[[ Provided information open ]]

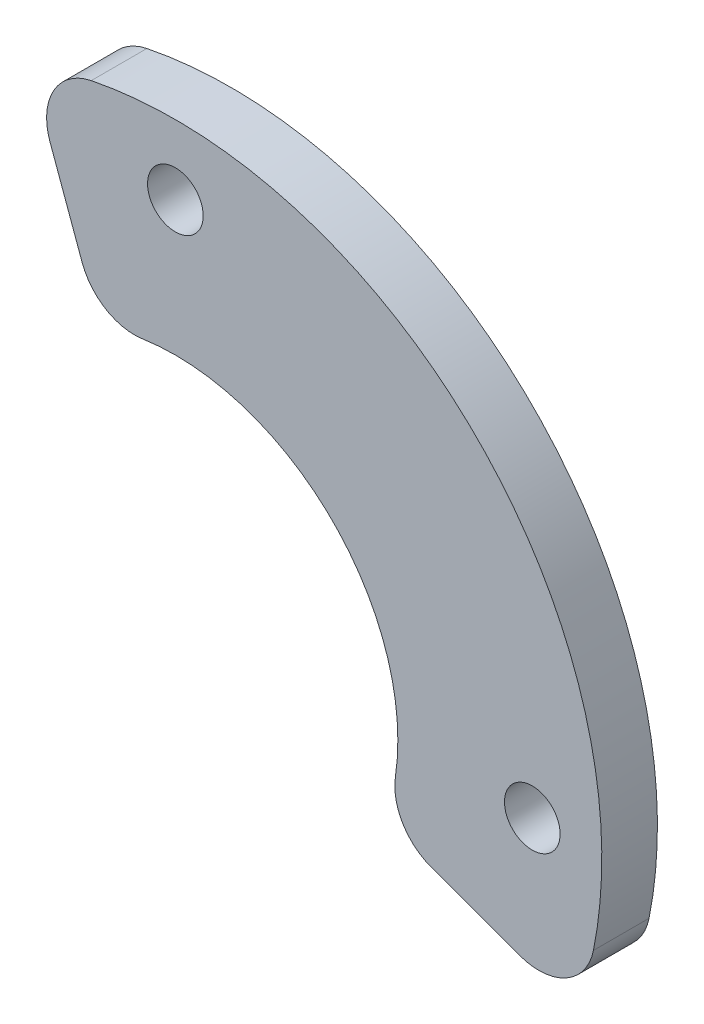
SolidWorks part; units mm, degrees
ref_plane "前视基准面" through (0, 0, 0) normal (0, 0, 1) x (1, 0, 0)
ref_plane "上视基准面" through (0, 0, 0) normal (0, 1, 0) x (1, 0, 0)
ref_plane "右视基准面" through (0, 0, 0) normal (1, 0, 0) x (0, 0, -1)
other "Configuration Table"
sketch "草图1" plane through (0, 0, 0) normal (0, 0, 1) x (1, 0, 0)
  line L0 (0, 0) -> (-7.8665, 21.6129)
  line L1 (0, 0) -> (21.6129, -7.8665)
  line L2 (0, 19.25) -> (0, 0) construction
  line L3 (19.25, 0) -> (0, 0) construction
  circle A0 centre (0, 19.25) radius 1.5
  circle A1 centre (19.25, 0) radius 1.5
  circle A2 centre (0, -19.25) radius 1.5 construction
  circle A3 centre (-19.25, 0) radius 1.5 construction
  circle A4 centre (0, 0) radius 12
  circle A5 centre (0, 0) radius 23
  point P12 (0, 0)
  dimension "D1" = 3
  dimension "D4" = 24
  dimension "D5" = 46
  dimension "D2" = 19.25
  dimension "D6" = 20
  dimension "D7" = 20
  dimension "D3" = 4
extrude "凸台-拉伸1" add sketch "草图1" along normal blind 3 contours L1 A5 L0 A4 A0 A1
fillet "圆角1" radius 3 4 edges at (21.6129, -7.8665, 1.5) (11.2763, -4.1042, 1.5) (-7.8665, 21.6129, 1.5) (-4.1042, 11.2763, 1.5)

[[ Provided information closed ]]

### Task objective
The data must be reproduced exactly, and no picture may appear in the copy.

### Solution to this task
SolidWorks part; units mm, degrees
ref_plane "前视基准面" through (0, 0, 0) normal (0, 0, 1) x (1, 0, 0)
ref_plane "上视基准面" through (0, 0, 0) normal (0, 1, 0) x (1, 0, 0)
ref_plane "右视基准面" through (0, 0, 0) normal (1, 0, 0) x (0, 0, -1)
other "Configuration Table"
sketch "草图1" plane through (0, 0, 0) normal (0, 0, 1) x (1, 0, 0)
  line L0 (0, 0) -> (-7.8665, 21.6129)
  line L1 (0, 0) -> (21.6129, -7.8665)
  line L2 (0, 19.25) -> (0, 0) construction
  line L3 (19.25, 0) -> (0, 0) construction
  circle A0 centre (0, 19.25) radius 1.5
  circle A1 centre (19.25, 0) radius 1.5
  circle A2 centre (0, -19.25) radius 1.5 construction
  circle A3 centre (-19.25, 0) radius 1.5 construction
  circle A4 centre (0, 0) radius 12
  circle A5 centre (0, 0) radius 23
  point P12 (0, 0)
  dimension "D1" = 3
  dimension "D4" = 24
  dimension "D5" = 46
  dimension "D2" = 19.25
  dimension "D6" = 20
  dimension "D7" = 20
  dimension "D3" = 4
extrude "凸台-拉伸1" add sketch "草图1" along normal blind 3 contours L1 A5 L0 A4 A0 A1
fillet "圆角1" radius 3 4 edges at (21.6129, -7.8665, 1.5) (11.2763, -4.1042, 1.5) (-7.8665, 21.6129, 1.5) (-4.1042, 11.2763, 1.5)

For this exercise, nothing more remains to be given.